● **Extracted data**
##########
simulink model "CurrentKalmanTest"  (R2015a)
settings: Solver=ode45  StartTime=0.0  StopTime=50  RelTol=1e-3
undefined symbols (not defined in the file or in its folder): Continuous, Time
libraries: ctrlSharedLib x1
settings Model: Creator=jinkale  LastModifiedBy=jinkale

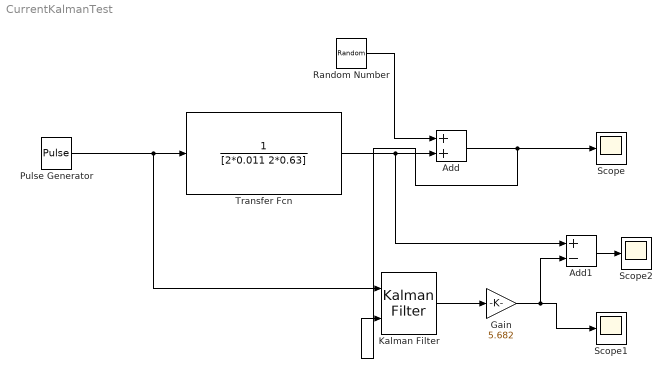
== system CurrentKalmanTest ==
  Add : Sum
  Add1 : Sum  Inputs=+-
  Gain : Gain  Gain=5.682
  Kalman Filter : ctrlSharedLib/Kalman Filter  TimeDomain=Continuous-Time  UseCurrentEstimator=on  ModelSource=Individual A, B, C, D matrices  ModelSourceVariable=ss(0.95,1,1,0,1)  A=-57.27  B=8  C=5.682  D=0  NumberOfStates=1  NumberOfInputs=1  NumberOfOutputs=1  InitialEstimateSource=Dialog  X0=0  P0=10  UseK=off  UseGH=off  NumberOfProcessNoiseInputs=1  G=1  TimeInvariantG=on  H=0  TimeInvariantH=on  Q=0.000001  TimeInvariantQ=on  R=0.036  TimeInvariantR=on  N=0  TimeInvariantN=on  AddInputPort=on  AddEnablePort=off  OutputEstimatedY=off  OutputP=off  Ts=-1
  Pulse Generator : DiscretePulseGenerator  PulseType=Time based  Amplitude=3  Period=10  PulseWidth=50
  Random Number : RandomNumber  Variance=0.0360  SampleTime=1/200
  Scope : Scope
  Scope1 : Scope
  Scope2 : Scope
      settings: SaveName=ScopeData2
  Transfer Fcn : TransferFcn  Denominator=[2*0.011 2*0.63]
  wires:
  Pulse Generator/1 -> Kalman Filter/1, Transfer Fcn/1
  Random Number/1 -> Add/1
  Transfer Fcn/1 -> Add1/1, Add/2
  Add/1 -> Kalman Filter/2, Scope/1
  Add1/1 -> Scope2/1
  Kalman Filter/1 -> Gain/1
  Gain/1 -> Add1/2, Scope1/1
##########
● **Required work**
Lines above that have "settings": copy each of them.

● **Result of this task**
settings: Solver=ode45  StartTime=0.0  StopTime=50  RelTol=1e-3
settings Model: Creator=jinkale  LastModifiedBy=jinkale
      settings: SaveName=ScopeData2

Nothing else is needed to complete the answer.